Murray Chass, who covered baseball for The New York Times, wrote: “I was not a fan of Bush 43 but I did like Bush as managing general partner of the Texas Rangers. He would have been a good commissioner.”
Who knows, with his ability to connect with those who mostly disagreed with him (Ted Kennedy, Bill Clinton), Bush might have prevented the canceling of the 1994 World Series, the most damaging event in baseball history.
Bush befriended Selig – or thought he did. But Chass, inspired by the recent death and celebration of the first President Bush, posted a blog explaining Selig’s strange maneuvering. “So he himself could become commissioner.”

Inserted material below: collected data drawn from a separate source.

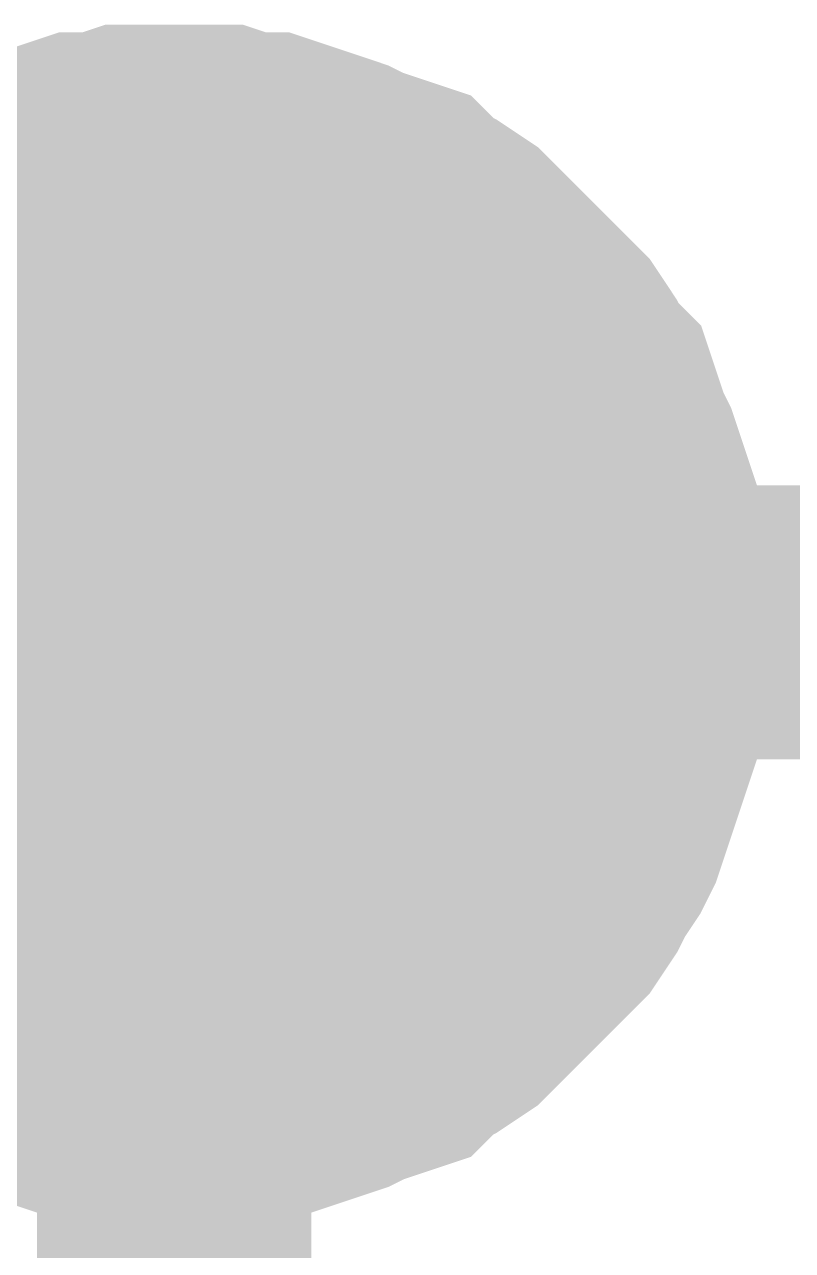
# Model space of a CAD drawing. Header units: inches. Extents: x 0 to 11.5, y 0 to 7.6.
# Drawn here: x 2.644 to 2.677, y 4.4229 to 4.4757 of the extents above; entities that cross this region are included whole.
import ezdxf

# ---------------------------------------------------------------- set-up
doc = ezdxf.new("R2010")
doc.units = ezdxf.units.IN
doc.header["$MEASUREMENT"] = 0
doc.layers.add('Sheet', color=255, linetype='Continuous')

msp = doc.modelspace()

# ---------------------------------------------------------------- linework, layer by layer
at = {"layer": 'Sheet'}
for points in [[(2.637512, 4.465198, 0.0118, 0.0118, 0), (2.638173, 4.46586, 0.0118, 0.0118, 0), (2.639165, 4.466522, 0.0118, 0.0118, 0), (2.639827, 4.466852, 0.0118, 0.0118, 0), (2.640819, 4.467514, 0.0118, 0.0118, 0), (2.641481, 4.467845, 0.0118, 0.0118, 0), (2.642473, 4.468175, 0.0118, 0.0118, 0), (2.643465, 4.468506, 0.0118, 0.0118, 0), (2.644458, 4.468837, 0.0118, 0.0118, 0), (2.64545, 4.469168, 0.0118, 0.0118, 0), (2.646442, 4.469499, 0.0118, 0.0118, 0), (2.647434, 4.469499, 0.0118, 0.0118, 0), (2.648427, 4.469829, 0.0118, 0.0118, 0), (2.649419, 4.469829, 0.0118, 0.0118, 0), (2.650411, 4.469829, 0.0118, 0.0118, 0)], [(2.637512, 4.465198, 0.0118, 0.0118, 0), (2.638173, 4.46586, 0.0118, 0.0118, 0), (2.639165, 4.466522, 0.0118, 0.0118, 0), (2.639827, 4.466852, 0.0118, 0.0118, 0), (2.640819, 4.467514, 0.0118, 0.0118, 0), (2.641481, 4.467845, 0.0118, 0.0118, 0), (2.642473, 4.468175, 0.0118, 0.0118, 0), (2.643465, 4.468506, 0.0118, 0.0118, 0), (2.644458, 4.468837, 0.0118, 0.0118, 0), (2.64545, 4.469168, 0.0118, 0.0118, 0), (2.646442, 4.469499, 0.0118, 0.0118, 0), (2.647434, 4.469499, 0.0118, 0.0118, 0), (2.648427, 4.469829, 0.0118, 0.0118, 0), (2.649419, 4.469829, 0.0118, 0.0118, 0), (2.650411, 4.469829, 0.0118, 0.0118, 0)], [(2.637512, 4.465198, 0.0118, 0.0118, 0), (2.638173, 4.46586, 0.0118, 0.0118, 0), (2.639165, 4.466522, 0.0118, 0.0118, 0), (2.639827, 4.466852, 0.0118, 0.0118, 0), (2.640819, 4.467514, 0.0118, 0.0118, 0), (2.641481, 4.467845, 0.0118, 0.0118, 0), (2.642473, 4.468175, 0.0118, 0.0118, 0), (2.643465, 4.468506, 0.0118, 0.0118, 0), (2.644458, 4.468837, 0.0118, 0.0118, 0), (2.64545, 4.469168, 0.0118, 0.0118, 0), (2.646442, 4.469499, 0.0118, 0.0118, 0), (2.647434, 4.469499, 0.0118, 0.0118, 0), (2.648427, 4.469829, 0.0118, 0.0118, 0), (2.649419, 4.469829, 0.0118, 0.0118, 0), (2.650411, 4.469829, 0.0118, 0.0118, 0)], [(2.637512, 4.465198, 0.0118, 0.0118, 0), (2.638173, 4.46586, 0.0118, 0.0118, 0), (2.639165, 4.466522, 0.0118, 0.0118, 0), (2.639827, 4.466852, 0.0118, 0.0118, 0), (2.640819, 4.467514, 0.0118, 0.0118, 0), (2.641481, 4.467845, 0.0118, 0.0118, 0), (2.642473, 4.468175, 0.0118, 0.0118, 0), (2.643465, 4.468506, 0.0118, 0.0118, 0), (2.644458, 4.468837, 0.0118, 0.0118, 0), (2.64545, 4.469168, 0.0118, 0.0118, 0), (2.646442, 4.469499, 0.0118, 0.0118, 0), (2.647434, 4.469499, 0.0118, 0.0118, 0), (2.648427, 4.469829, 0.0118, 0.0118, 0), (2.649419, 4.469829, 0.0118, 0.0118, 0), (2.650411, 4.469829, 0.0118, 0.0118, 0)], [(2.650411, 4.469829, 0.0118, 0.0118, 0), (2.650411, 4.469829, 0.0118, 0.0118, 0)], [(2.650411, 4.469829, 0.0118, 0.0118, 0), (2.651404, 4.469829, 0.0118, 0.0118, 0), (2.652396, 4.469829, 0.0118, 0.0118, 0), (2.653388, 4.469499, 0.0118, 0.0118, 0), (2.65438, 4.469499, 0.0118, 0.0118, 0), (2.655373, 4.469168, 0.0118, 0.0118, 0), (2.656365, 4.468837, 0.0118, 0.0118, 0), (2.657357, 4.468506, 0.0118, 0.0118, 0), (2.658019, 4.468175, 0.0118, 0.0118, 0), (2.659011, 4.467845, 0.0118, 0.0118, 0), (2.660003, 4.467514, 0.0118, 0.0118, 0), (2.660665, 4.466852, 0.0118, 0.0118, 0), (2.661327, 4.466522, 0.0118, 0.0118, 0), (2.662319, 4.46586, 0.0118, 0.0118, 0), (2.66298, 4.465198, 0.0118, 0.0118, 0), (2.663642, 4.464537, 0.0118, 0.0118, 0), (2.664303, 4.463875, 0.0118, 0.0118, 0), (2.664965, 4.463214, 0.0118, 0.0118, 0), (2.665626, 4.462552, 0.0118, 0.0118, 0), (2.666288, 4.461891, 0.0118, 0.0118, 0), (2.666949, 4.460898, 0.0118, 0.0118, 0), (2.66728, 4.460237, 0.0118, 0.0118, 0), (2.667942, 4.459575, 0.0118, 0.0118, 0), (2.668273, 4.458583, 0.0118, 0.0118, 0), (2.668603, 4.457591, 0.0118, 0.0118, 0), (2.668934, 4.456929, 0.0118, 0.0118, 0), (2.669265, 4.455937, 0.0118, 0.0118, 0), (2.669596, 4.454944, 0.0118, 0.0118, 0), (2.669926, 4.453952, 0.0118, 0.0118, 0), (2.669926, 4.45296, 0.0118, 0.0118, 0), (2.670257, 4.451967, 0.0118, 0.0118, 0), (2.670257, 4.450975, 0.0118, 0.0118, 0), (2.670257, 4.449983, 0.0118, 0.0118, 0)], [(2.650411, 4.469829, 0.0118, 0.0118, 0), (2.650411, 4.469829, 0.0118, 0.0118, 0)], [(2.650411, 4.469829, 0.0118, 0.0118, 0), (2.651404, 4.469829, 0.0118, 0.0118, 0), (2.652396, 4.469829, 0.0118, 0.0118, 0), (2.653388, 4.469499, 0.0118, 0.0118, 0), (2.65438, 4.469499, 0.0118, 0.0118, 0), (2.655373, 4.469168, 0.0118, 0.0118, 0), (2.656365, 4.468837, 0.0118, 0.0118, 0), (2.657357, 4.468506, 0.0118, 0.0118, 0), (2.658019, 4.468175, 0.0118, 0.0118, 0), (2.659011, 4.467845, 0.0118, 0.0118, 0), (2.660003, 4.467514, 0.0118, 0.0118, 0), (2.660665, 4.466852, 0.0118, 0.0118, 0), (2.661327, 4.466522, 0.0118, 0.0118, 0), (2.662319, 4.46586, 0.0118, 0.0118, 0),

Throughout 1993, Bush “repeatedly told Selig he had to make a decision – baseball or politics. But Selig repeatedly procrastinated. Finally, Bush could wait no longer and opted for the Texas gubernatorial race.”
Chass reveals a recent conversation he had with Fay Vincent, the commissioner who was supplanted by Selig and Reinsdorf in a 1992 coup. Vincent said Bush called him “some months after I left baseball,” when “Bud Selig was acting commissioner even though he was owner of the Milwaukee Brewers — in my opinion, a walking conflict of interest.
“George said: ‘Selig tells me he would love for me to be commissioner, and he can deliver it.’ I said, ‘George, my guess is that Selig wants the job himself.’”
Chass reaches a conclusion that does not seem far-fetched: “Without Selig’s procrastination, Bush would have been baseball commissioner and Al Gore might have been president.”
That theory fits what sources close to the Bushes have said, that the family plan was for Jeb Bush to become president and for his older brother George to be baseball commissioner.
What does seem far-fetched is that W could have been so naïve. Didn’t he wonder, as I did, and Vincent did, why the commissioner kept snubbing him? I like to think it was modesty and humility on the future President’s part.
My guess is that Chass is correct, that Selig’s plan all along was to become permanent commissioner, which happened for him in 1998. By then, his friend George was looking at the presidency, which he attained in 2000. Which led, eventually, to a successful career as a portrait painter. “A surprisingly adept artist,” wrote The New York Times critic. What a winding road.